The problem
From the first line of the entries below through the line bearing "me_cube = bpy.data.meshes.new('Cube')", write out each line exactly. Omit pictures.

Source data
################

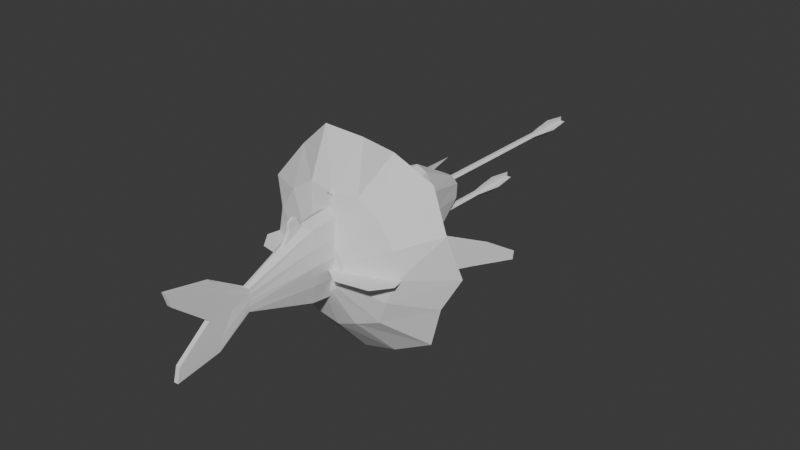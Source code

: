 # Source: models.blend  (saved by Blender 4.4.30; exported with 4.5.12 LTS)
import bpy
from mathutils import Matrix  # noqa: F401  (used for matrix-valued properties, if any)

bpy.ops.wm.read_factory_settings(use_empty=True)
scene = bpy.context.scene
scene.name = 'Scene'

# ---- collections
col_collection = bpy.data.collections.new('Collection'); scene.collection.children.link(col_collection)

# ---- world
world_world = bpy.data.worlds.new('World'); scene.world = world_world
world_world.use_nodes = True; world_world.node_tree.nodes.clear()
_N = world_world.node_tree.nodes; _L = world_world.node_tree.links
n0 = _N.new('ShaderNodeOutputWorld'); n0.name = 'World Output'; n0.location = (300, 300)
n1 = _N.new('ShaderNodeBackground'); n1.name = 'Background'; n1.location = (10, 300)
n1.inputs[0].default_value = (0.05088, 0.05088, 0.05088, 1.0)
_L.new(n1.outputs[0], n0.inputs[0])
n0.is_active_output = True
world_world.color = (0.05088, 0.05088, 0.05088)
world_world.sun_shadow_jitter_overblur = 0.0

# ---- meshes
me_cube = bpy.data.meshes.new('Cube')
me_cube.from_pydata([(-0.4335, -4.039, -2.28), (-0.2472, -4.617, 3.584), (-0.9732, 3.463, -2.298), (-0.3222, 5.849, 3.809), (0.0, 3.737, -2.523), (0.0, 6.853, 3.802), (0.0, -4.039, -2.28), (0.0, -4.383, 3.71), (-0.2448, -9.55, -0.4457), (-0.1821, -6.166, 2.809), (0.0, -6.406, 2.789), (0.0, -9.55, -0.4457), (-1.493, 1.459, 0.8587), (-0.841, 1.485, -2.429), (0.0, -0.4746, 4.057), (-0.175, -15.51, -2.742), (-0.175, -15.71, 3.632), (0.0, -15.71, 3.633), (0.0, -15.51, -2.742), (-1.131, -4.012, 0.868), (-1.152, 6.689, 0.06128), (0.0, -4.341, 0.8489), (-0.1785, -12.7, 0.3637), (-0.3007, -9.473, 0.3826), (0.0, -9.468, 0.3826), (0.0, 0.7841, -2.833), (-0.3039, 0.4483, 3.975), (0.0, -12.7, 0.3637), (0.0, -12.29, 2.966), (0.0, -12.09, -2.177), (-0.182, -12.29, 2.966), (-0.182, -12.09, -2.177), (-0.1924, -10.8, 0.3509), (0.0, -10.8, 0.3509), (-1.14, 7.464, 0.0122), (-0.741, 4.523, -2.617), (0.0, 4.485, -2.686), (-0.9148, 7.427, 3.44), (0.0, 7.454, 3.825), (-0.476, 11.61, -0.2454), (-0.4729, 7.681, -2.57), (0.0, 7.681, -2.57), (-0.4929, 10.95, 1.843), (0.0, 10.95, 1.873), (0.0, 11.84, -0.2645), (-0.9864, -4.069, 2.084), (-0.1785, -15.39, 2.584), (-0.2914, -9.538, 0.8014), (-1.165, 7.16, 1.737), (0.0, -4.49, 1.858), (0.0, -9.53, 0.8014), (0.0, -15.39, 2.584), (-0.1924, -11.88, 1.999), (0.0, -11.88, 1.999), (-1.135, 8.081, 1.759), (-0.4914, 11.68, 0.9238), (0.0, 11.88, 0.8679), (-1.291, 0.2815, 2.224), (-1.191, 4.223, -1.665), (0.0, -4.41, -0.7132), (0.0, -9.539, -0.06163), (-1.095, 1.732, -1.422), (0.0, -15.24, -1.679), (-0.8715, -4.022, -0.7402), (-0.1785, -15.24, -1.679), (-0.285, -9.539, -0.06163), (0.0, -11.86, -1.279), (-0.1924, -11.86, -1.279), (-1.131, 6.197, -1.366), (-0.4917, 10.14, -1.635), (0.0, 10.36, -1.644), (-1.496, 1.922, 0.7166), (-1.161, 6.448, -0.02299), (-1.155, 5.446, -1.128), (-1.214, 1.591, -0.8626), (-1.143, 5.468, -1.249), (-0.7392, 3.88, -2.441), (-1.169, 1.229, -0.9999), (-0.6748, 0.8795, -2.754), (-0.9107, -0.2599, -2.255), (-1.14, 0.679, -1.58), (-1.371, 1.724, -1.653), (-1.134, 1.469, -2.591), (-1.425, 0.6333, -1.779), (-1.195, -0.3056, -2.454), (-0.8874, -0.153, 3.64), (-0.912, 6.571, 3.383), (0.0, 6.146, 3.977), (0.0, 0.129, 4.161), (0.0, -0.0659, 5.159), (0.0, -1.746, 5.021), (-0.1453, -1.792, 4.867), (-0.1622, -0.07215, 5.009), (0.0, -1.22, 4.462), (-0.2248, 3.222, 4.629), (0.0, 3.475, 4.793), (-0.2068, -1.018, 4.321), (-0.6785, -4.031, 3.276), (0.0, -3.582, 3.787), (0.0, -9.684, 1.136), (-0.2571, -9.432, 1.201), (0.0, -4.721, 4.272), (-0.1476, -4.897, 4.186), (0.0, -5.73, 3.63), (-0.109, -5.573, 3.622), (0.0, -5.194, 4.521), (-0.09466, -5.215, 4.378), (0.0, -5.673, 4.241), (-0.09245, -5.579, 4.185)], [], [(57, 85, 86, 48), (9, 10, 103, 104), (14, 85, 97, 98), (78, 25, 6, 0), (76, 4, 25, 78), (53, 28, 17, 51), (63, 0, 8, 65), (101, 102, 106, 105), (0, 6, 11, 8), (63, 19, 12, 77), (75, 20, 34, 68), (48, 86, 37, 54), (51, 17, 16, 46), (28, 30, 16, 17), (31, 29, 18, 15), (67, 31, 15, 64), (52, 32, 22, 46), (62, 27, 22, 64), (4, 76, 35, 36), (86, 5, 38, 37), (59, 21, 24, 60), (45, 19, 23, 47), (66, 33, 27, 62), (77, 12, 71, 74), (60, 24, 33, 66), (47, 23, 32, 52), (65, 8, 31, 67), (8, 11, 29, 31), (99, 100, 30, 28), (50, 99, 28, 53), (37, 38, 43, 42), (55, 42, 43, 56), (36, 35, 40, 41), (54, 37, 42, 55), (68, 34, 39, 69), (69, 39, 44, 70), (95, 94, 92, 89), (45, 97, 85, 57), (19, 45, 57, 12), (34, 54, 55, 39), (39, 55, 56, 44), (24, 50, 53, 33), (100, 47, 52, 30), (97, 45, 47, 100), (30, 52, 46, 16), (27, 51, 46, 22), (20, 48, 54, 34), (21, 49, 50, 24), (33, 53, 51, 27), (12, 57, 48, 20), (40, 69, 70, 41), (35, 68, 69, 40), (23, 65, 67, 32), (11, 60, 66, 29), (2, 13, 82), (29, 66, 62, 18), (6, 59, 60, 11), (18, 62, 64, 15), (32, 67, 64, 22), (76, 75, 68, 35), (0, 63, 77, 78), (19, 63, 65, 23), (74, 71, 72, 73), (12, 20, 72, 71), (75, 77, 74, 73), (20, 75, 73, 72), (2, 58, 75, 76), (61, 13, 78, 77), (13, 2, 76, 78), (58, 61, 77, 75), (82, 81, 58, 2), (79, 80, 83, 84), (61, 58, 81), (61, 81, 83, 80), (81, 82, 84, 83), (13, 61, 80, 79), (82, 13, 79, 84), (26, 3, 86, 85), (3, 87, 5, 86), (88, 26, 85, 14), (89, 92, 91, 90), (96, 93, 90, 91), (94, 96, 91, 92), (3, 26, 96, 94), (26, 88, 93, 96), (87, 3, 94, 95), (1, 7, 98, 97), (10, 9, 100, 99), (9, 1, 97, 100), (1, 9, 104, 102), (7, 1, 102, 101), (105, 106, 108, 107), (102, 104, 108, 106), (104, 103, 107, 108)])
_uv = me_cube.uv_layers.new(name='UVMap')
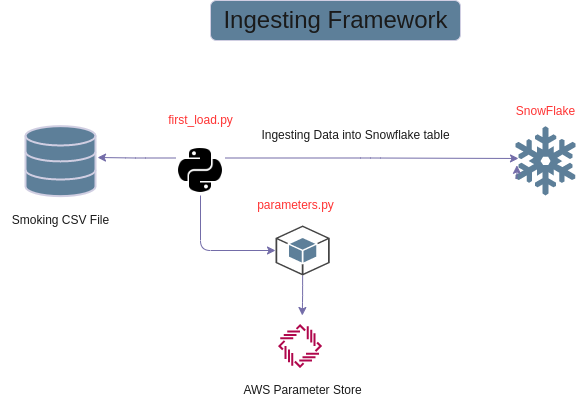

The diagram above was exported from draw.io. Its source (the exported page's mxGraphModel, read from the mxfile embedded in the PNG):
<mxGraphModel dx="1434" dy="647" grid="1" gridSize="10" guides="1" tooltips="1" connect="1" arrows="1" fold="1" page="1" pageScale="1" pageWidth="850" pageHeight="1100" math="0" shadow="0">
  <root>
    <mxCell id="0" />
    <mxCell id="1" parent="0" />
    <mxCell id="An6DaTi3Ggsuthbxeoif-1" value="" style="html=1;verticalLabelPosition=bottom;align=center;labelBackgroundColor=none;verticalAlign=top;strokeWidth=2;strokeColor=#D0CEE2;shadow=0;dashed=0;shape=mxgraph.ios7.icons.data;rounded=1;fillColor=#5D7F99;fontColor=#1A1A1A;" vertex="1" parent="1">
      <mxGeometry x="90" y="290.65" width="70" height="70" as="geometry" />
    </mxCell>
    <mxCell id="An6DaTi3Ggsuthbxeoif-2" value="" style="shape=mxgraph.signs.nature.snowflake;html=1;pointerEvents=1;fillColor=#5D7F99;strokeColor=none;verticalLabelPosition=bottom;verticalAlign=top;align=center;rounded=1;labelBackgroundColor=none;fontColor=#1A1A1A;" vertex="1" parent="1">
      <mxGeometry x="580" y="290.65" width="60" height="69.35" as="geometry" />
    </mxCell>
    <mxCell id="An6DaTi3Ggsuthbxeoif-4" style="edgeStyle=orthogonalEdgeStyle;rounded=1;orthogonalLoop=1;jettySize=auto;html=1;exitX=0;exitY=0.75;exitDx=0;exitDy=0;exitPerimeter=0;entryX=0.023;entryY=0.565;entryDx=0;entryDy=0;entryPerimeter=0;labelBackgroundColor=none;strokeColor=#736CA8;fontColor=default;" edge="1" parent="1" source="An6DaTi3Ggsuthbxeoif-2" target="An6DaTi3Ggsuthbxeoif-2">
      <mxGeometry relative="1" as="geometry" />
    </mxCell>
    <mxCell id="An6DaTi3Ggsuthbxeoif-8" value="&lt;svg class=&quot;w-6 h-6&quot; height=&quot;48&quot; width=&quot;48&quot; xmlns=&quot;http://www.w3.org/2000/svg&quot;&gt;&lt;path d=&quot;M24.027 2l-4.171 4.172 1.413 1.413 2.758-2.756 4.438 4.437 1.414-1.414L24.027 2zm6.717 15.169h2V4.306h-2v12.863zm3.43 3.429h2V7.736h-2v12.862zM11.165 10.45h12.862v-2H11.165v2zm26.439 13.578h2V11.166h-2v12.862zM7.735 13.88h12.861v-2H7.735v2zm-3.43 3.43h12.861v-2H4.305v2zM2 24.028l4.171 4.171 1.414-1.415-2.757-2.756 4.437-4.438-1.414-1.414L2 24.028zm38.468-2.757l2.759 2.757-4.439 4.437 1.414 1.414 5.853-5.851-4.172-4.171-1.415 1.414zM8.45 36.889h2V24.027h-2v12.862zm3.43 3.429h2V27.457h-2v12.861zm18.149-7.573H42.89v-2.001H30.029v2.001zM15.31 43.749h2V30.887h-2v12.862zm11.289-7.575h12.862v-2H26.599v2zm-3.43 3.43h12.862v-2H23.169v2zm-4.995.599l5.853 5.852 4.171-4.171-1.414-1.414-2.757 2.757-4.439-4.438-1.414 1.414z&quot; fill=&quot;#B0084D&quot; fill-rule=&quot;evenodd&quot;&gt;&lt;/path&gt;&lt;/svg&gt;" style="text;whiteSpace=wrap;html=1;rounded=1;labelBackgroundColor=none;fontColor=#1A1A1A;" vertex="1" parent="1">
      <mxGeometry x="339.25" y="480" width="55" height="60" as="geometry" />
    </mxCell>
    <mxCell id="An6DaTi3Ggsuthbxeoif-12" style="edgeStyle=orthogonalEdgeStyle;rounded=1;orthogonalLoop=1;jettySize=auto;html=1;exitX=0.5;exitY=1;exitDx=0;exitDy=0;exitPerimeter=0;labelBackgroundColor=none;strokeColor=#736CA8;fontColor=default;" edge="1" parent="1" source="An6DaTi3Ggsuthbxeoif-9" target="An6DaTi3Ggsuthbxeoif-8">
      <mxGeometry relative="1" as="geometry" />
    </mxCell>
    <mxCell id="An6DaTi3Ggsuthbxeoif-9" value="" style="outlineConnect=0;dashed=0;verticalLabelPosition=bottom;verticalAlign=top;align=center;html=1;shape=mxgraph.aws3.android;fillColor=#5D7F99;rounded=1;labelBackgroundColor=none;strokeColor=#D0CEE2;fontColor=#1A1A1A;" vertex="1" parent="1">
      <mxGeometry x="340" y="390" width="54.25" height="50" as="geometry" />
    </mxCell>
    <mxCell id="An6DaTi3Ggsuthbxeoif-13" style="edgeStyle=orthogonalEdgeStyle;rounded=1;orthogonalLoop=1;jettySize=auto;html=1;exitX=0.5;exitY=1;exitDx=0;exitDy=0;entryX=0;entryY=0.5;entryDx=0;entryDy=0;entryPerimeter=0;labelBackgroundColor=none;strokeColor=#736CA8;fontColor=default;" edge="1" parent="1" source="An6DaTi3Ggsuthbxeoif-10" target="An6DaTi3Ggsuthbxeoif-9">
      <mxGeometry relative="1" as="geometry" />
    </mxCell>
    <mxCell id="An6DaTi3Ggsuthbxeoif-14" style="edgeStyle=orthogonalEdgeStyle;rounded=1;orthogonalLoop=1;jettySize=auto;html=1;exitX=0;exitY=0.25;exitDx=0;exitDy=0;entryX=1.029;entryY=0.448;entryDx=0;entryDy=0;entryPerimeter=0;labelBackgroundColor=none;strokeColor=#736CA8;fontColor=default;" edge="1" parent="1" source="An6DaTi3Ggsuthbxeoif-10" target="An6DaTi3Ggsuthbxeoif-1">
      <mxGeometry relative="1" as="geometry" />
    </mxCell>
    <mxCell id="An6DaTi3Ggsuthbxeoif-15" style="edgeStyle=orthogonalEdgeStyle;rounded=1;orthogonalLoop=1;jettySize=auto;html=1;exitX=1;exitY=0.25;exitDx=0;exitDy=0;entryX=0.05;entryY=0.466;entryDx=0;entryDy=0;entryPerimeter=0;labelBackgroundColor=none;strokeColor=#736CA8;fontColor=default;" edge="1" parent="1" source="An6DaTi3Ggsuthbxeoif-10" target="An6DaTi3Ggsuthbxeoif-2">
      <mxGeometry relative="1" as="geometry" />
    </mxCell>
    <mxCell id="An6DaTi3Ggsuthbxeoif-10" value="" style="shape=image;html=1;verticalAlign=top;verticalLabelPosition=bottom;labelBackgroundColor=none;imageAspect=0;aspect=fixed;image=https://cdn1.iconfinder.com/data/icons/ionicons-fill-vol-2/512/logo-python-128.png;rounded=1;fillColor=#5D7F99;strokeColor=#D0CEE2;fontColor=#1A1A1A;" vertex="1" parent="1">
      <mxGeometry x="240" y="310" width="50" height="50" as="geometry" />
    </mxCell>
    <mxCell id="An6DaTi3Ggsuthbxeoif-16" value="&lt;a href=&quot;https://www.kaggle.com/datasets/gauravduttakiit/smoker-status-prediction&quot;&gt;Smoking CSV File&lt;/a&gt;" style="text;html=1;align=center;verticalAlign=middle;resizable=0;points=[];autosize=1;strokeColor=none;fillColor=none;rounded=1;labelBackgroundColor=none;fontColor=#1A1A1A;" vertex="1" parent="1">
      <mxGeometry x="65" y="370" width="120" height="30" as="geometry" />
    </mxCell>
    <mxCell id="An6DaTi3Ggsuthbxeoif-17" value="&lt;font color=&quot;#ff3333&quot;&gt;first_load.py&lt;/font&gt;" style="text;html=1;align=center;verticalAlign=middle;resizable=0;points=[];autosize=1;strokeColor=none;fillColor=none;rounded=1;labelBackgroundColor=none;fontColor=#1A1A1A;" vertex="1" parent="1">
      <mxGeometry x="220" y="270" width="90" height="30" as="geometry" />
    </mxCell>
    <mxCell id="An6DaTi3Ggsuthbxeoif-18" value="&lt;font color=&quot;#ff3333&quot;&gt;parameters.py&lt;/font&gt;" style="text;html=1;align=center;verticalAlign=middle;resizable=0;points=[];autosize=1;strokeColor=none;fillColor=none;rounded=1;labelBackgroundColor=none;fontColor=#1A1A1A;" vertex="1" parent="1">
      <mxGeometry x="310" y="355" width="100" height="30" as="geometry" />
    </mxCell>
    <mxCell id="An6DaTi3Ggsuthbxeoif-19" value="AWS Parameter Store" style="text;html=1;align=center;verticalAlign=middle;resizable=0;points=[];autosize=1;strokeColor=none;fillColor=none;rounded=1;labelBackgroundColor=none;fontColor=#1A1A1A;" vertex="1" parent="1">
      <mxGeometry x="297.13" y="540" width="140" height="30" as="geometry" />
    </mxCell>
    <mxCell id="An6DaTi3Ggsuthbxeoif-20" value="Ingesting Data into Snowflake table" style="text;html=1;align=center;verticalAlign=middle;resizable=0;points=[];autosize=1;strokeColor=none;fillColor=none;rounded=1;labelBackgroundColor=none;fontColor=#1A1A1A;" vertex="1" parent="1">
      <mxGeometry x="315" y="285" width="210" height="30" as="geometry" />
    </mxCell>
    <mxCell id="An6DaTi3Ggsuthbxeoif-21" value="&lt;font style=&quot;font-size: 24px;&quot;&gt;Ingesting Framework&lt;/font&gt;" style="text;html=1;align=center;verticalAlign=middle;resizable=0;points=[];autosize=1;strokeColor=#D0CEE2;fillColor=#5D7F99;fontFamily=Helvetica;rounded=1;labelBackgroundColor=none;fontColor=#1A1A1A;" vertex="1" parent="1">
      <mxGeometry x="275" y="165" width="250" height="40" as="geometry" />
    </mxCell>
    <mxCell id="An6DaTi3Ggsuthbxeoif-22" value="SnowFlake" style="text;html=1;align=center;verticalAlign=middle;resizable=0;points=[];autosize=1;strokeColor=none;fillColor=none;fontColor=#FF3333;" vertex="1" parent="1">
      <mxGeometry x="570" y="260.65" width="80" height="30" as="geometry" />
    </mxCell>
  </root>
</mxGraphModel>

################

Result for this task
Source code

: # Source: models.blend  (saved by Blender 4.4.30; exported with 4.5.12 LTS)
import bpy
from mathutils import Matrix  # noqa: F401  (used for matrix-valued properties, if any)

bpy.ops.wm.read_factory_settings(use_empty=True)
scene = bpy.context.scene
scene.name = 'Scene'

# ---- collections
col_collection = bpy.data.collections.new('Collection'); scene.collection.children.link(col_collection)

# ---- world
world_world = bpy.data.worlds.new('World'); scene.world = world_world
world_world.use_nodes = True; world_world.node_tree.nodes.clear()
_N = world_world.node_tree.nodes; _L = world_world.node_tree.links
n0 = _N.new('ShaderNodeOutputWorld'); n0.name = 'World Output'; n0.location = (300, 300)
n1 = _N.new('ShaderNodeBackground'); n1.name = 'Background'; n1.location = (10, 300)
n1.inputs[0].default_value = (0.05088, 0.05088, 0.05088, 1.0)
_L.new(n1.outputs[0], n0.inputs[0])
n0.is_active_output = True
world_world.color = (0.05088, 0.05088, 0.05088)
world_world.sun_shadow_jitter_overblur = 0.0

# ---- meshes
me_cube = bpy.data.meshes.new('Cube')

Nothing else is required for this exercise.